One issue that is worth mentioning, however, is that when next-hop selection is predictable, an attacker can synthesize traffic that will all hash the same, making it possible to launch a denial-of-service attack that overloads a particular path. Since a special case of this is when the same (single) next-hop is always selected, such an attack is easiest when multipath is not being used. Introducing multipath routing can make such an attack more difficult; the more unpredictable the hash is, the harder it becomes to conduct a denial-of-service attack against any single link.


8. References

[1] Moy, J., "OSPF Version 2", STD 54, RFC 2328, April 1998.

[1]モイ、J.、 "OSPFバージョン2"、STD 54、RFC 2328、1998年4月。

[2] Maufer, T., "Deploying IP Multicast in the Enterprise", Prentice-Hall, 1998.

[2] Maufer、T.、 "Enterpriseの展開IPマルチキャスト"、プレンティス・ホール、1998。

[3] Hopps, C., "Analysis of an Equal-Cost Multi-Path Algorithm", RFC 2992, November 2000.

[3] Hoppsが、C.、 "等価コストマルチパスアルゴリズムの分析"、RFC 2992、2000年11月に。

[4] Thaler, D., and C.V. Ravishankar, "Using Name-Based Mappings to Increase Hit Rates", IEEE/ACM Transactions on Networking, February 1998.

[4]ターレル、D.、及びC.V. Ravishankar、ネットワーキング、1998年2月にIEEE / ACM取引、「ヒット率を高めるために名前ベースのマッピングを使用します」。

[5] Estrin, D., Farinacci, D., Helmy, A., Thaler, D., Deering, S., Handley, M., Jacobson, V., Liu, C., Sharma, P. and L. Wei, "Protocol Independent Multicast-Sparse Mode (PIM-SM): Protocol Specification", RFC 2362, June 1998.

[5] Estrin、D.、ファリナッチ、D.、Helmy、A.、ターラー、D.、デアリング、S.、ハンドレー、M.、ヤコブソン、V.、劉、C.、シャルマ、P.、およびL.魏、 "プロトコル独立マルチキャスト - スパースモード(PIM-SM):プロトコル仕様"、RFC 2362、1998年6月。

[6] Allman, M., Paxson, V. and W. Stevens, "TCP Congestion Control", RFC 2581, April 1999.

[6]オールマン、M.、パクソン、V.とW.スティーブンス、 "TCP輻輳制御"、RFC 2581、1999年4月。

[7] Nichols, K., Blake, S., Baker, F. and D. Black., "Definition of the Differentiated Services Field (DS Field) in the IPv4 and IPv6 Headers", RFC 2474, December 1998.

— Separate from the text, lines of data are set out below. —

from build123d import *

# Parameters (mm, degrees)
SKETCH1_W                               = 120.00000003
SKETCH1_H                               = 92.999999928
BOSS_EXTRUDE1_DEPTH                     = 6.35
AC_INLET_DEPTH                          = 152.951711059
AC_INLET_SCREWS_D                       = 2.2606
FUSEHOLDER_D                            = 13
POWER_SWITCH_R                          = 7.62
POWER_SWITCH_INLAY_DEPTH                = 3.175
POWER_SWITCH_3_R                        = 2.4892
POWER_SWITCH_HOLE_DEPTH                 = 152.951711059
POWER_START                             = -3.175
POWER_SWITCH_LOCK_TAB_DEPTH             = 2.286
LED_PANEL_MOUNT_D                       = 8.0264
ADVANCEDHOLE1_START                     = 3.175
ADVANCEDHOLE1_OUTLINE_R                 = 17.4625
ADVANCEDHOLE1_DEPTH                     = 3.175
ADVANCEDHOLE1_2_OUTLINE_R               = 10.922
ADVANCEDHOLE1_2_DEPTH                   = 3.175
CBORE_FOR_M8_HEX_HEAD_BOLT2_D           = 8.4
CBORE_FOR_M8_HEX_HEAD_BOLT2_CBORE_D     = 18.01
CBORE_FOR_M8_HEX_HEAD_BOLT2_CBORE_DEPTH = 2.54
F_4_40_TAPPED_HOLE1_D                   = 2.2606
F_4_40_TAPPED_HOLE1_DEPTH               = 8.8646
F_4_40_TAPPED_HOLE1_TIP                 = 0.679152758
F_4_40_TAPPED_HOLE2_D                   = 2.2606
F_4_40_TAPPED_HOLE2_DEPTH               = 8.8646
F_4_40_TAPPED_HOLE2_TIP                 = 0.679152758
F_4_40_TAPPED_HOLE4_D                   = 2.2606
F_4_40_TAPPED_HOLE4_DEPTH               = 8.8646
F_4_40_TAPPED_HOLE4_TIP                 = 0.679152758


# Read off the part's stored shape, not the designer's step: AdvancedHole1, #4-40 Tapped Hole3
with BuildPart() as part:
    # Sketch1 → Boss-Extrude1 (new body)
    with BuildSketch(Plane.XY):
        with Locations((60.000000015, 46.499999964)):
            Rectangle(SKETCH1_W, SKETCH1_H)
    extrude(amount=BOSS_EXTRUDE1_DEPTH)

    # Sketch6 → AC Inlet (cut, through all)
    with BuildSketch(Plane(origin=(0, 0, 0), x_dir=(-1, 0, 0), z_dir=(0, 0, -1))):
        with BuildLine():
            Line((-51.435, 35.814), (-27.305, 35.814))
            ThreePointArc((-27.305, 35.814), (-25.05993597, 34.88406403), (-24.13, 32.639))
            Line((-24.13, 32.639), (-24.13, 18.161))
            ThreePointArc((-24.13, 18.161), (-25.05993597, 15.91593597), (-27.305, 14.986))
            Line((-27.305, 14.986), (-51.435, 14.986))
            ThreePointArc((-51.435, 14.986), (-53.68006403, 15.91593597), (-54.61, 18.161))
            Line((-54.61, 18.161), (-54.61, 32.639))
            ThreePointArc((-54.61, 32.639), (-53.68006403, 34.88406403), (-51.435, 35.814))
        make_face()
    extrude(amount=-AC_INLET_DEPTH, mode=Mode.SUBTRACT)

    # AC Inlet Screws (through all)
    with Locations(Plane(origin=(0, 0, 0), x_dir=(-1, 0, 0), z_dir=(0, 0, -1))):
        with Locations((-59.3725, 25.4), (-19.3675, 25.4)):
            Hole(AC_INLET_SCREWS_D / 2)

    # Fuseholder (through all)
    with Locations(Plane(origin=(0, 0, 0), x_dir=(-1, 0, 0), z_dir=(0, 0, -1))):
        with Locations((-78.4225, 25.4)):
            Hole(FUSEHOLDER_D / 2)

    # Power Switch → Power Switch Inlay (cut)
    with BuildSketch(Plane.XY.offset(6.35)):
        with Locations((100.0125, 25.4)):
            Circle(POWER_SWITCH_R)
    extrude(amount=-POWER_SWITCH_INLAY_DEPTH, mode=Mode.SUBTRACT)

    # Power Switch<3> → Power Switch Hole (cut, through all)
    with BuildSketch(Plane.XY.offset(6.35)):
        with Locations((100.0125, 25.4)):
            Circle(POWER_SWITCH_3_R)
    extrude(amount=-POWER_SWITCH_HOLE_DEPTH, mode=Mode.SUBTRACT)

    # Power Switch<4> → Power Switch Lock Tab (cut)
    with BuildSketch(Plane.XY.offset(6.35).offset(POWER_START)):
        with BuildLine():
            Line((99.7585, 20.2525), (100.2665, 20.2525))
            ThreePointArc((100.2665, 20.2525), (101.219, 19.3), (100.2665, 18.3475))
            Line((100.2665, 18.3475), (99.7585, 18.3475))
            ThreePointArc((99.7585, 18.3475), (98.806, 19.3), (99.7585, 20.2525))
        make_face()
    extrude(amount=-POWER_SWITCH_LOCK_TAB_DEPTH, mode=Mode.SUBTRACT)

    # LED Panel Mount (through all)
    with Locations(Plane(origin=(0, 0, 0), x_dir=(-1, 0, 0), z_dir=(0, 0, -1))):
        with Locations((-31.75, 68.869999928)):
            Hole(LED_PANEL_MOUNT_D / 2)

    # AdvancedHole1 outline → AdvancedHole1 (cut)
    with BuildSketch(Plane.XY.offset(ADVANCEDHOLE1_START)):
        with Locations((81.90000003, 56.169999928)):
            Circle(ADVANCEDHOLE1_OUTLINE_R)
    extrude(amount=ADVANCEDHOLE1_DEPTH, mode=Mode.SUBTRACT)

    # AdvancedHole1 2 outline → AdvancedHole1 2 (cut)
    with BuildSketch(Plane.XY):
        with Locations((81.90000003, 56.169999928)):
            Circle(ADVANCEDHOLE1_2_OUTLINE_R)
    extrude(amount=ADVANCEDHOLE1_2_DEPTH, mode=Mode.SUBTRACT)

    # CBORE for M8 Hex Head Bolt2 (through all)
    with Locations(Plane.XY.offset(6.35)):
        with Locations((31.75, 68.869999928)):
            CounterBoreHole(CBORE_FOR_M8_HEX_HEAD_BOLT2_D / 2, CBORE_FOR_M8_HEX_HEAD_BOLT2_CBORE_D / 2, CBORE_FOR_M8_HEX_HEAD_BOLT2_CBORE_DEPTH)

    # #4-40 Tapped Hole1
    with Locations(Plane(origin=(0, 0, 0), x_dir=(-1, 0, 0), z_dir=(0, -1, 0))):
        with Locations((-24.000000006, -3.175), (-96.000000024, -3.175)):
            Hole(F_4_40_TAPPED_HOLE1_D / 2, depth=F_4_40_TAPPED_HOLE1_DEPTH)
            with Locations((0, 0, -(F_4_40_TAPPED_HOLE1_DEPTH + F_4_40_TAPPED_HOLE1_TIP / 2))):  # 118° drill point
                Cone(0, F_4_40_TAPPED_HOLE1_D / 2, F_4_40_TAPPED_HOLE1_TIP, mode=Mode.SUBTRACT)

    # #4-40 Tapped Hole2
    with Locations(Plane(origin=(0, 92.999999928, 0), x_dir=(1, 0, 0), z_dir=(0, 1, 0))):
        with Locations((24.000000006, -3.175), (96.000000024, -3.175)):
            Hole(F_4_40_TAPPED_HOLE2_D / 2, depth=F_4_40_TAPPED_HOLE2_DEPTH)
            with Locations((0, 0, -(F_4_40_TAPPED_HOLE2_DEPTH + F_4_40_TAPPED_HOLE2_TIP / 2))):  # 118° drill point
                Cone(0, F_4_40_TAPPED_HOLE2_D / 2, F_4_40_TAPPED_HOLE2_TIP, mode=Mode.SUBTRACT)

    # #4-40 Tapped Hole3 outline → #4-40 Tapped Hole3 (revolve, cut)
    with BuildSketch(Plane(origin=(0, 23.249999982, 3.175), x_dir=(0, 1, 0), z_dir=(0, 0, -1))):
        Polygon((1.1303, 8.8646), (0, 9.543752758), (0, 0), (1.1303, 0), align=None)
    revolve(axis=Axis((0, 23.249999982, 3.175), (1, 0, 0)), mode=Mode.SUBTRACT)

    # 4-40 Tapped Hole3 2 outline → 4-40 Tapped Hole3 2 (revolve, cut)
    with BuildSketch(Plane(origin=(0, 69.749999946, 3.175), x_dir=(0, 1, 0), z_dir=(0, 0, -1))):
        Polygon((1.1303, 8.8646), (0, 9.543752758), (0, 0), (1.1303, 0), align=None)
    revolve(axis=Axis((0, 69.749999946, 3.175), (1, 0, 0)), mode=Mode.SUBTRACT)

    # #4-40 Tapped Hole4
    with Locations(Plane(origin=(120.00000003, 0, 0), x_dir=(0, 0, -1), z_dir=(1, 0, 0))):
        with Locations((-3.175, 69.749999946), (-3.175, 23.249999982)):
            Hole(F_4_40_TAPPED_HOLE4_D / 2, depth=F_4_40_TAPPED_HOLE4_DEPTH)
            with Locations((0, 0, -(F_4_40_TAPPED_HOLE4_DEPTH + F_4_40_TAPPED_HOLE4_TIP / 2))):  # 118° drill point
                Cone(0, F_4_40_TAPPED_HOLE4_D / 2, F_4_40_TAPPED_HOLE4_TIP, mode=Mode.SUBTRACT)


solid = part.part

[7]ニコルズ、K.、ブレイク、S.、ベイカー、F.とD.黒。、 "IPv4とIPv6ヘッダーの差別化されたサービス分野(DSフィールド)の定義"、RFC 2474、1998年12月。

9. Authors' Addresses

Dave Thaler Microsoft One Microsoft Way Redmond, WA 98052


Phone: +1 425 703 8835 EMail:

電話:+1 425 703 8835 Eメール

Christian E. Hopps NextHop Technologies, Inc. 517 W. William Street Ann Arbor, MI 48103-4943 U.S.A

クリスチャン・E. HoppsがのNextHop Technologies社517 W.ウィリアム・ストリートアナーバー、ミシガン州48103から4943 U.S.A

Phone: +1 734 936 0291 EMail:

電話:+1 734 936 0291 Eメール

10. Full Copyright Statement

Copyright (C) The Internet Society (2000). All Rights Reserved.


This document and translations of it may be copied and furnished to others, and derivative works that comment on or otherwise explain it or assist in its implementation may be prepared, copied, published and distributed, in whole or in part, without restriction of any kind, provided that the above copyright notice and this paragraph are included on all such copies and derivative works. However, this document itself may not be modified in any way, such as by removing the copyright notice or references to the Internet Society or other Internet organizations, except as needed for the purpose of developing Internet standards in which case the procedures for copyrights defined in the Internet Standards process must be followed, or as required to translate it into languages other than English.


The limited permissions granted above are perpetual and will not be revoked by the Internet Society or its successors or assigns.






Funding for the RFC Editor function is currently provided by the Internet Society.

RFC Editor機能のための基金は現在、インターネット協会によって提供されます。